TASK STATEMENT:
Across these entries, how many lines contain the word "second"? Answer with only the number.

Start of RECORDS SHOWN

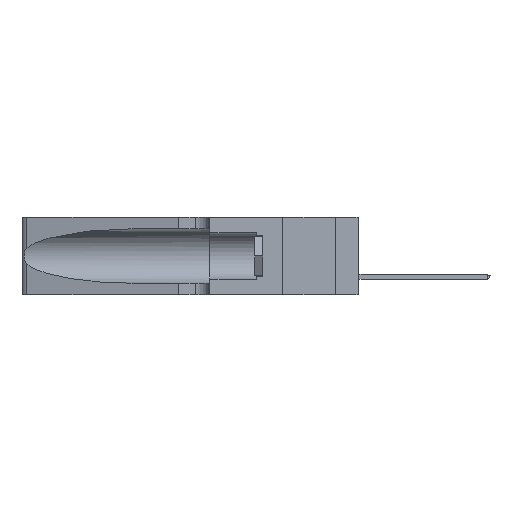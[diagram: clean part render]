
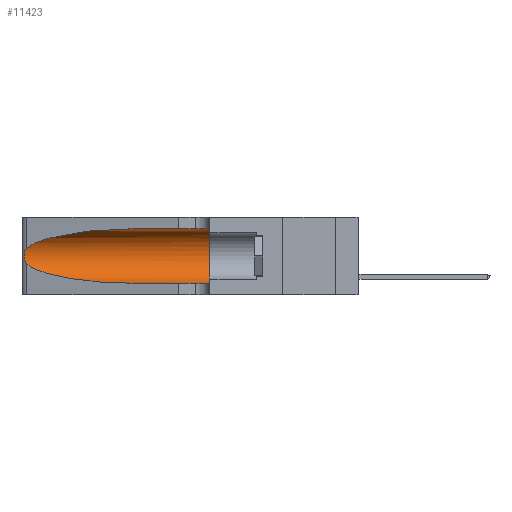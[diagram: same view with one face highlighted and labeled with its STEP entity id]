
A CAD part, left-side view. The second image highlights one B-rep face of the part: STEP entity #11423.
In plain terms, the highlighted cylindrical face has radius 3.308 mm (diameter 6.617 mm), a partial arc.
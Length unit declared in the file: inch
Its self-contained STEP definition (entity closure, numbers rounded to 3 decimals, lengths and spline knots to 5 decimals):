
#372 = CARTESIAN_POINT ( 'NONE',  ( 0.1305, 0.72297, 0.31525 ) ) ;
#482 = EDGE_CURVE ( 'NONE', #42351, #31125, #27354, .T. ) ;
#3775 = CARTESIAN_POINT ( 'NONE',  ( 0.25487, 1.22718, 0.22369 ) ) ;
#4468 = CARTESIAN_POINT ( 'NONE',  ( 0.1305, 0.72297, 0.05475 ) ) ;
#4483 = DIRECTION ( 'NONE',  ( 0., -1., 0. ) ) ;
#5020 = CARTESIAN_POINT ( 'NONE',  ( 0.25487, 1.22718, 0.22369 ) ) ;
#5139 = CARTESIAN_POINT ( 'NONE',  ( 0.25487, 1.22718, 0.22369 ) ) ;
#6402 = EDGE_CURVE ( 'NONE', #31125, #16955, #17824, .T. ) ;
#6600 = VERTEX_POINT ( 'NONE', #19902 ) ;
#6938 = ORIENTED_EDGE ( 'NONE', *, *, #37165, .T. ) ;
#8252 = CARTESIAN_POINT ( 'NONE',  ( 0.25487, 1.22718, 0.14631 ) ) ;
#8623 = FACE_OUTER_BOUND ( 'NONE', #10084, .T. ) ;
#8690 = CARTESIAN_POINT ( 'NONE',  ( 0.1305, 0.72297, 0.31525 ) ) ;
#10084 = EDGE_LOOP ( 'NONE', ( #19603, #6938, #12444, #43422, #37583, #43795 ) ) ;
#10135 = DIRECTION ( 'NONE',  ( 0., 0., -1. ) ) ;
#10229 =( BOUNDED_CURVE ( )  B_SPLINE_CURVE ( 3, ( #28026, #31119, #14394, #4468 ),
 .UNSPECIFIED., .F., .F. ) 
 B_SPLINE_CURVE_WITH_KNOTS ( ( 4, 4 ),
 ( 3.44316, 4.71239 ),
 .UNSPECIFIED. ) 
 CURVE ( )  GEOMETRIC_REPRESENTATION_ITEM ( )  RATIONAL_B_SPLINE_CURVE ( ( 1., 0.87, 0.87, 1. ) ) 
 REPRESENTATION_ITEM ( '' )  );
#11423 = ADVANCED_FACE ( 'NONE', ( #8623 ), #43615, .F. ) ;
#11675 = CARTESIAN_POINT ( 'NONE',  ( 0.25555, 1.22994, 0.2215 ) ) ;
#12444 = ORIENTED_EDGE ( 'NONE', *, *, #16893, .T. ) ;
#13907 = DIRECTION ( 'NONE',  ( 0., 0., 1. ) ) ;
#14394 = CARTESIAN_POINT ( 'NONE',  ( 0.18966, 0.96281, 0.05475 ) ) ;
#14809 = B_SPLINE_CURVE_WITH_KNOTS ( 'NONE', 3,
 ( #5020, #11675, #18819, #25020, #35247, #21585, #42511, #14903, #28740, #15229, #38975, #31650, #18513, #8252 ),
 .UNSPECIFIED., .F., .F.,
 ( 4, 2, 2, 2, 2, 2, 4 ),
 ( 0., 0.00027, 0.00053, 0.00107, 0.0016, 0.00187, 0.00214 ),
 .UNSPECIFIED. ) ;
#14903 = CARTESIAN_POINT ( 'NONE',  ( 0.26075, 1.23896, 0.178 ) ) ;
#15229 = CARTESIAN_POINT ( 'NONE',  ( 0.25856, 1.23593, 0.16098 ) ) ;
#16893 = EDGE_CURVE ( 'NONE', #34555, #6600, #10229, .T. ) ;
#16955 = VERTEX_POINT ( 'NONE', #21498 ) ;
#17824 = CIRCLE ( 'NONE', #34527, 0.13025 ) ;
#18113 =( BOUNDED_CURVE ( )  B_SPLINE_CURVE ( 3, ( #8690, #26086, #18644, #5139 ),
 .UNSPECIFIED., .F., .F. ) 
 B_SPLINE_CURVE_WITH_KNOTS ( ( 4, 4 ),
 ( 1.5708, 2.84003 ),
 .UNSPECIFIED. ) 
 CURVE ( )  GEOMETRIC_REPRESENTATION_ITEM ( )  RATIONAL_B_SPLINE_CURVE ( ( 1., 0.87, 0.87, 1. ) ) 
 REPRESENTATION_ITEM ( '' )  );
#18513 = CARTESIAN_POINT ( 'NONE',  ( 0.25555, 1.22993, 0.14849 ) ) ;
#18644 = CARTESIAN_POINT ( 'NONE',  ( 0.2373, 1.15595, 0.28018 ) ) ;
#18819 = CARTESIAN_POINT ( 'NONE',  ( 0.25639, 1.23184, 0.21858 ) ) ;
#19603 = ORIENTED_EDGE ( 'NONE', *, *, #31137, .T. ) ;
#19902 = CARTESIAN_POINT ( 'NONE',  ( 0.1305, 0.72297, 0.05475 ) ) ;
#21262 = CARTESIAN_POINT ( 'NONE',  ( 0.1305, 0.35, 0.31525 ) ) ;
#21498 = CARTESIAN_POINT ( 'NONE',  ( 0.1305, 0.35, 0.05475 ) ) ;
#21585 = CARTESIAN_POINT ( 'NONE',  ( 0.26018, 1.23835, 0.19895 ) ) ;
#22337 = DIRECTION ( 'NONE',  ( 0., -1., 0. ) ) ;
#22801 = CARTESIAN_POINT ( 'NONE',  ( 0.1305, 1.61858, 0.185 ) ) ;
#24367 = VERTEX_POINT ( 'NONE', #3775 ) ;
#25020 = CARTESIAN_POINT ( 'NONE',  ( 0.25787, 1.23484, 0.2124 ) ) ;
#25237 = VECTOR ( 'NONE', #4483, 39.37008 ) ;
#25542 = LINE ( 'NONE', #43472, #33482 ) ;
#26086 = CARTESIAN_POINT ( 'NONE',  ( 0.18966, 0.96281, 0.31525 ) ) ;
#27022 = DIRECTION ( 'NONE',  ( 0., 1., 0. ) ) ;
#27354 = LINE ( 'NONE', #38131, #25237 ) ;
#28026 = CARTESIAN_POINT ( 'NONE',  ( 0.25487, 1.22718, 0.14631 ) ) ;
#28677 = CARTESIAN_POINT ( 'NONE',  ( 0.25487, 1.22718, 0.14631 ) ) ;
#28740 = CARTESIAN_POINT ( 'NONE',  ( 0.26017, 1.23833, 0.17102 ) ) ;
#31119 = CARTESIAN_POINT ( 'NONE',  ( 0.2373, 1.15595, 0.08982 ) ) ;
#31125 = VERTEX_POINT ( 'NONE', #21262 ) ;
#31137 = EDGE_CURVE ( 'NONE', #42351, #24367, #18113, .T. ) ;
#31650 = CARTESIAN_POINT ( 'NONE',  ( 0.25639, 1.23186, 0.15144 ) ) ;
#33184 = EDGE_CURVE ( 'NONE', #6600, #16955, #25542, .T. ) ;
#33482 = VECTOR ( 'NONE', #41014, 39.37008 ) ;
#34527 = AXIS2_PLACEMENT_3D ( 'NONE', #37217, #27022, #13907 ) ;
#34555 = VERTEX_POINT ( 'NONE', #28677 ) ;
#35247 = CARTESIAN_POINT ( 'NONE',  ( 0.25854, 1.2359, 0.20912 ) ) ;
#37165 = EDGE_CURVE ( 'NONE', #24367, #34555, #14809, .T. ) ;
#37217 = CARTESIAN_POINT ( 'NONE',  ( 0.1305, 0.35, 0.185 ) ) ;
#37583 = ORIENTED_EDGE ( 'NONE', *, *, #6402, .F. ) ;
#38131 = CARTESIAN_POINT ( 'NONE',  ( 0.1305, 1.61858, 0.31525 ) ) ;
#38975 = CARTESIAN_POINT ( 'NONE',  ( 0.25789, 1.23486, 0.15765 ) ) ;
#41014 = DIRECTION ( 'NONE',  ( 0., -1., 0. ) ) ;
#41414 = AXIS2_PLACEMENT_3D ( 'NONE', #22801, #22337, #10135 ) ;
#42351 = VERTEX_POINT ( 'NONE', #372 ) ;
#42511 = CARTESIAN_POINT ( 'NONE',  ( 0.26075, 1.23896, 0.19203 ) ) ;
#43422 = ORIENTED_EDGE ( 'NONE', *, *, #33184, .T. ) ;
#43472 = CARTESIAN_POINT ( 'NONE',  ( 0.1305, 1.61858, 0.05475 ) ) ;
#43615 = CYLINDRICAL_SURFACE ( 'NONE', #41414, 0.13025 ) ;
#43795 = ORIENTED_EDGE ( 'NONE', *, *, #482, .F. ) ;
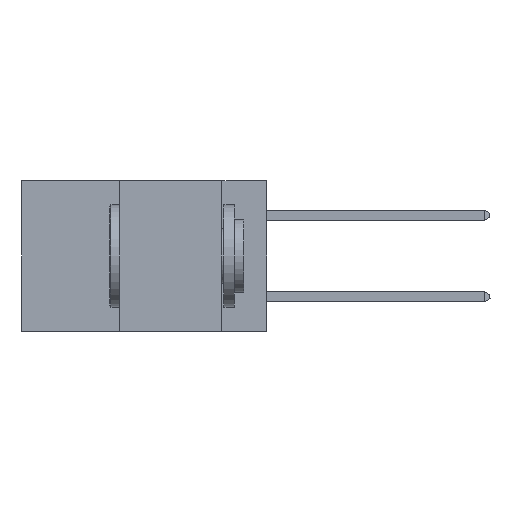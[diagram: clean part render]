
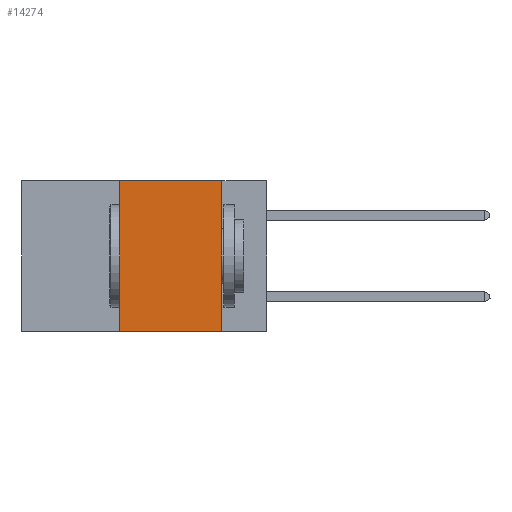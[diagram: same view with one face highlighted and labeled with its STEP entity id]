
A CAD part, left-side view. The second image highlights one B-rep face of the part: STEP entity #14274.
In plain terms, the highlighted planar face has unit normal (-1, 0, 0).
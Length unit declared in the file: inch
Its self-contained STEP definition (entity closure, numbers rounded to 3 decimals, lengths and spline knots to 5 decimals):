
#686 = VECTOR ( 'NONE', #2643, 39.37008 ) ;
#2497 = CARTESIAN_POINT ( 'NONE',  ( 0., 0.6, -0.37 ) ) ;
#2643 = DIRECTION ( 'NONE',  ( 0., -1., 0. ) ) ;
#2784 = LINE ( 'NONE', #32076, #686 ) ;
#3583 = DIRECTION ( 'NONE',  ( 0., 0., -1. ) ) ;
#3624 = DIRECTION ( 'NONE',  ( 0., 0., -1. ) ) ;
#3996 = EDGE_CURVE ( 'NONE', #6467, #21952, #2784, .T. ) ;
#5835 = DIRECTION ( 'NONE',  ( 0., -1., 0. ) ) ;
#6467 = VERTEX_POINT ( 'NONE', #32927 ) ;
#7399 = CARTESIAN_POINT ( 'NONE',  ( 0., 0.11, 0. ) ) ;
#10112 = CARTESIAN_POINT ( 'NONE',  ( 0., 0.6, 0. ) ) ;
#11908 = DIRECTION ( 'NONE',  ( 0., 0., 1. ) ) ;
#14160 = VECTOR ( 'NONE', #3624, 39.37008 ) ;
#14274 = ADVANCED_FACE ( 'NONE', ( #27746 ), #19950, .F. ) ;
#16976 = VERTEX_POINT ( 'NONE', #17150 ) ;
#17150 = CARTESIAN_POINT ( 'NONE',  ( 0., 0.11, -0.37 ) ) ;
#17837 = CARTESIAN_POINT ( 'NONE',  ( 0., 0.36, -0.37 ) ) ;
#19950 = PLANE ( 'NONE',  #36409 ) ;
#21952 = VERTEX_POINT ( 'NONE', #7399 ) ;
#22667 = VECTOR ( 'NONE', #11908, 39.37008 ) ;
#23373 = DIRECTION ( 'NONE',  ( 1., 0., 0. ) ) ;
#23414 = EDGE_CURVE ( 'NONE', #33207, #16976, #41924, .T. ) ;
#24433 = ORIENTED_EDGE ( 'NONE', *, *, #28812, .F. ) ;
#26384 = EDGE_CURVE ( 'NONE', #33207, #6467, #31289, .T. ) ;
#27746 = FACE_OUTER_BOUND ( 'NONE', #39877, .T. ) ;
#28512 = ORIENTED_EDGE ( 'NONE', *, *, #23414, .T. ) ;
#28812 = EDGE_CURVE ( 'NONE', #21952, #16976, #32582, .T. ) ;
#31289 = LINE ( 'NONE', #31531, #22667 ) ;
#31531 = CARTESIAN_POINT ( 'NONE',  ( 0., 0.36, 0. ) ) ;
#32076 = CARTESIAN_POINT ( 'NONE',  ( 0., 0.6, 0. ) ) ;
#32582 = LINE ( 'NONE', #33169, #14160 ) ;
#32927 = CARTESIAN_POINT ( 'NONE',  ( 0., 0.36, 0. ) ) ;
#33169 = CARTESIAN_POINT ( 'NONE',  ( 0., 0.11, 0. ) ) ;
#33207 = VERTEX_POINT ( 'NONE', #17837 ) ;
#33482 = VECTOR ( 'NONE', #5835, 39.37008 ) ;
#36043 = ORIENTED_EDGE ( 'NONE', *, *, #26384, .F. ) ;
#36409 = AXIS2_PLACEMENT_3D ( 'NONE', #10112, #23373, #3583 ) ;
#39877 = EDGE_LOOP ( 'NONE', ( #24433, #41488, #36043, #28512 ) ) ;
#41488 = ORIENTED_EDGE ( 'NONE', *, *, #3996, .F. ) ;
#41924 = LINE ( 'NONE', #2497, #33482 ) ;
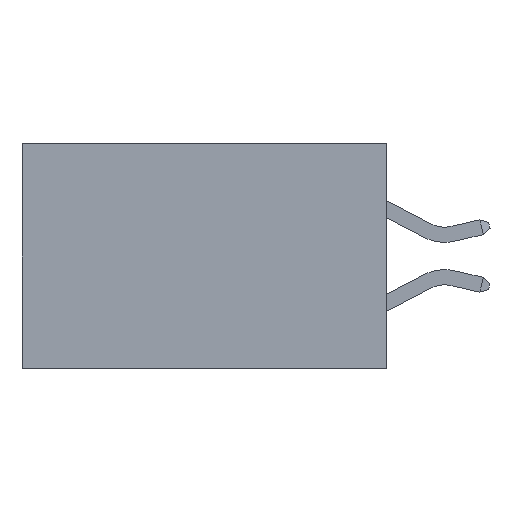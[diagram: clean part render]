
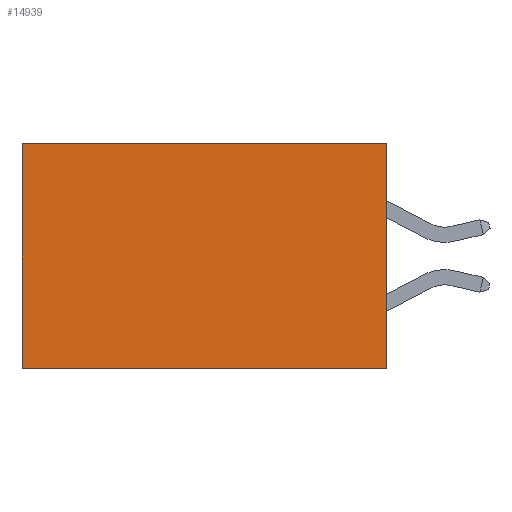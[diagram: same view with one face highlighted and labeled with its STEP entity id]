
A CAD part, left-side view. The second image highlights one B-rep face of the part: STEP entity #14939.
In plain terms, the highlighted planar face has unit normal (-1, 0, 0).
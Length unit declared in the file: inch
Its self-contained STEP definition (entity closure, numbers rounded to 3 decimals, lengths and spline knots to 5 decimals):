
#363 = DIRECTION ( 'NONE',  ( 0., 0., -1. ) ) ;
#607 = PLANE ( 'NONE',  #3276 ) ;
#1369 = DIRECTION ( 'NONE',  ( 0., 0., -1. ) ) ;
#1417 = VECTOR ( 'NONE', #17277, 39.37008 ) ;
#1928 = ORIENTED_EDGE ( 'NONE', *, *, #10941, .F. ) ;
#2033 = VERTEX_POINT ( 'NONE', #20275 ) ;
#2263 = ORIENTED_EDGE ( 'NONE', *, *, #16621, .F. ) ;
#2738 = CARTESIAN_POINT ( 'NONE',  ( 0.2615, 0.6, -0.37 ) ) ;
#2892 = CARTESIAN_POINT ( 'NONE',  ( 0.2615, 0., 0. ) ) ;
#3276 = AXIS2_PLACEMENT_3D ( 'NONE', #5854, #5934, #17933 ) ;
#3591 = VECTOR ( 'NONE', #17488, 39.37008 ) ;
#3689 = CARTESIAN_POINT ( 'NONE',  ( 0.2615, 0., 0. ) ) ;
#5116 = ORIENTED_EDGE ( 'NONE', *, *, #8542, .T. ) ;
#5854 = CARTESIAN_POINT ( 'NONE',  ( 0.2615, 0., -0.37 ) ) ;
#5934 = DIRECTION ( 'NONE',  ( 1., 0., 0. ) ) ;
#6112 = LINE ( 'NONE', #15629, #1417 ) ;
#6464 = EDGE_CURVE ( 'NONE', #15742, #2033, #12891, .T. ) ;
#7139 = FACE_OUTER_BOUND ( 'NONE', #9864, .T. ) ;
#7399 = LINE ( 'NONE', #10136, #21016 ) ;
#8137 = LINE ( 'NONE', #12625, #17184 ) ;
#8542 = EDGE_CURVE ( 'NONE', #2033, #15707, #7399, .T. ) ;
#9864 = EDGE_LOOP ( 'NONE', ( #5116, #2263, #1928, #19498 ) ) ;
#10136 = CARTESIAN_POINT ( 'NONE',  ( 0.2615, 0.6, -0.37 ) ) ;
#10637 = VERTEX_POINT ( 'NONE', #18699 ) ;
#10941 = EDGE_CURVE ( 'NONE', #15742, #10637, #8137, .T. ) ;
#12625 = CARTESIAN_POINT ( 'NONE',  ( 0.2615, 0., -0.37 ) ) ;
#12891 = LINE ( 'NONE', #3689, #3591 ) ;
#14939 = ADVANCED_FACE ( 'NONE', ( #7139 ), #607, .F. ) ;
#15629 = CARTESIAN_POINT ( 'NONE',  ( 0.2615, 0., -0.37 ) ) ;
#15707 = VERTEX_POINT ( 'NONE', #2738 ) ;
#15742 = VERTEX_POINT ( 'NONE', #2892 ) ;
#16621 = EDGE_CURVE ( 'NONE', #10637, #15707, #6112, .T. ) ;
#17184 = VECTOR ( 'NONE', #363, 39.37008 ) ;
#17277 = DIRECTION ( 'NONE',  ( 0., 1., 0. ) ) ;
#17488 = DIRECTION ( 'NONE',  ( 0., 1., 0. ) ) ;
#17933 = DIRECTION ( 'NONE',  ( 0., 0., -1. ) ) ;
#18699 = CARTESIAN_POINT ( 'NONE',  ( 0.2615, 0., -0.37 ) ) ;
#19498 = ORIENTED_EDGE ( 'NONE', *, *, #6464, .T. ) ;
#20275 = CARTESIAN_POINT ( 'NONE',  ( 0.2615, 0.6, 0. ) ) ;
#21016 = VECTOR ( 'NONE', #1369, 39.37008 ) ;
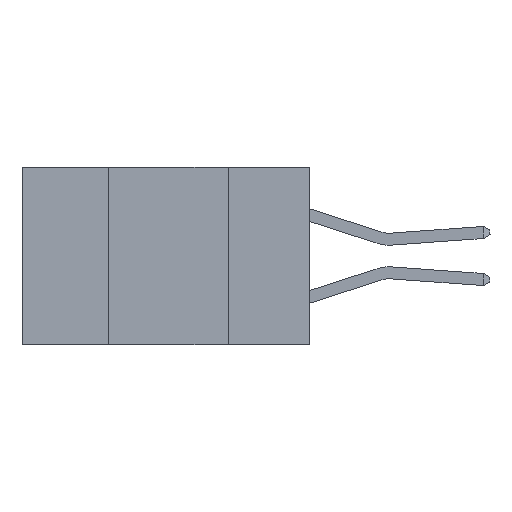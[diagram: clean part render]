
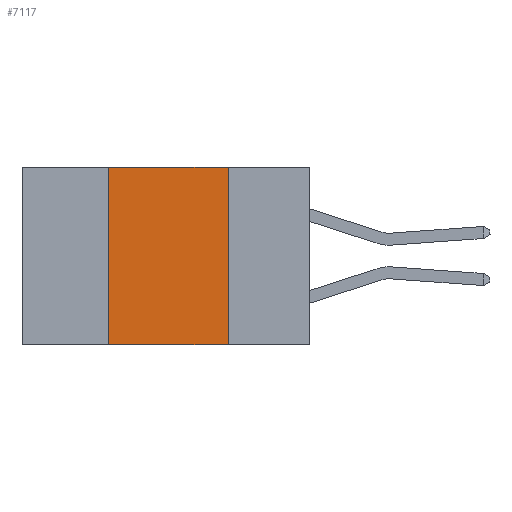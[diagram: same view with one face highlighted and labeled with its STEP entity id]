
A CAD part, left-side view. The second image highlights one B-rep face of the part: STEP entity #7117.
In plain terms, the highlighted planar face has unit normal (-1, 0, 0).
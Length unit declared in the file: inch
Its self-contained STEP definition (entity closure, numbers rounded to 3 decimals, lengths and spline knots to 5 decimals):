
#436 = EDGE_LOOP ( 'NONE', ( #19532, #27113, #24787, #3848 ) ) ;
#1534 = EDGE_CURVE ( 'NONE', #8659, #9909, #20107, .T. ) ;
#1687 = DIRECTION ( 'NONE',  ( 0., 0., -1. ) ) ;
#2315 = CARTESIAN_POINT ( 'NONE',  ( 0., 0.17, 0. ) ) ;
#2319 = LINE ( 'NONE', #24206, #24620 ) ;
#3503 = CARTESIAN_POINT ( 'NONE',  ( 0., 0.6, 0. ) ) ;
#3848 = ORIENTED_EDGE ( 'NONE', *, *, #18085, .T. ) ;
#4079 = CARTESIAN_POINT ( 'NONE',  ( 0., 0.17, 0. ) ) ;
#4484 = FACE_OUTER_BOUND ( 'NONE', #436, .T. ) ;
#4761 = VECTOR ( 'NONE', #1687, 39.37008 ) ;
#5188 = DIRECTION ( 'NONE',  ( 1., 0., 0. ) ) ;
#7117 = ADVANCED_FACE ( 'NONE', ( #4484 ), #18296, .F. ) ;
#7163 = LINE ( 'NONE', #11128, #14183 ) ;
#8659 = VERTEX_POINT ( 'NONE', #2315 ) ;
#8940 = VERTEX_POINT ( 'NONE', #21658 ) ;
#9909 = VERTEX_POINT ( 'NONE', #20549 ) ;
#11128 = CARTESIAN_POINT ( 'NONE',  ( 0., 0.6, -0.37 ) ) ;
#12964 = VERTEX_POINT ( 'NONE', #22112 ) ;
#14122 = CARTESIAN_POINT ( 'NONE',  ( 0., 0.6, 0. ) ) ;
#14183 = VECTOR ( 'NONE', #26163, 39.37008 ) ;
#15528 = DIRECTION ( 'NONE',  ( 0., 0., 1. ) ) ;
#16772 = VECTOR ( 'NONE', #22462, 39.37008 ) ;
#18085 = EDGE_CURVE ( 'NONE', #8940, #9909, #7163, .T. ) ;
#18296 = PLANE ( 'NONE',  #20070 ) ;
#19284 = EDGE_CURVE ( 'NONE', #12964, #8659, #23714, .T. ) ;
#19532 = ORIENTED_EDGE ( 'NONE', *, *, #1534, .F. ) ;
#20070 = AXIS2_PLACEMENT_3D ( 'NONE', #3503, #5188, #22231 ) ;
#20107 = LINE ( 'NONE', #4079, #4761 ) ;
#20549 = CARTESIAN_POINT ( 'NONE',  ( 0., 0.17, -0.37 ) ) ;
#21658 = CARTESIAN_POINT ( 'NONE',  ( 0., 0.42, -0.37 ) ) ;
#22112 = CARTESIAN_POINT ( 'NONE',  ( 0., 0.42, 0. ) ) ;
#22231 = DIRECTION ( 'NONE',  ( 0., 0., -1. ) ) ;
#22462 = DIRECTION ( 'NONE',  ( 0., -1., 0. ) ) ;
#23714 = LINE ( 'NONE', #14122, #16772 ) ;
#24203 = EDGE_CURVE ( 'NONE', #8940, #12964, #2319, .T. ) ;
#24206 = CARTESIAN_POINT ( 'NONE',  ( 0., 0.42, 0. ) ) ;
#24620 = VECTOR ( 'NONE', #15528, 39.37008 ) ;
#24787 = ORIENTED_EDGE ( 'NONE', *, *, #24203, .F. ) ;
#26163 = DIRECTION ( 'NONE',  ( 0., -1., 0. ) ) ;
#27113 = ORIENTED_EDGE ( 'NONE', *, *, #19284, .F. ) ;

End of RECORDS SHOWN

EXERCISE SOLUTION:
4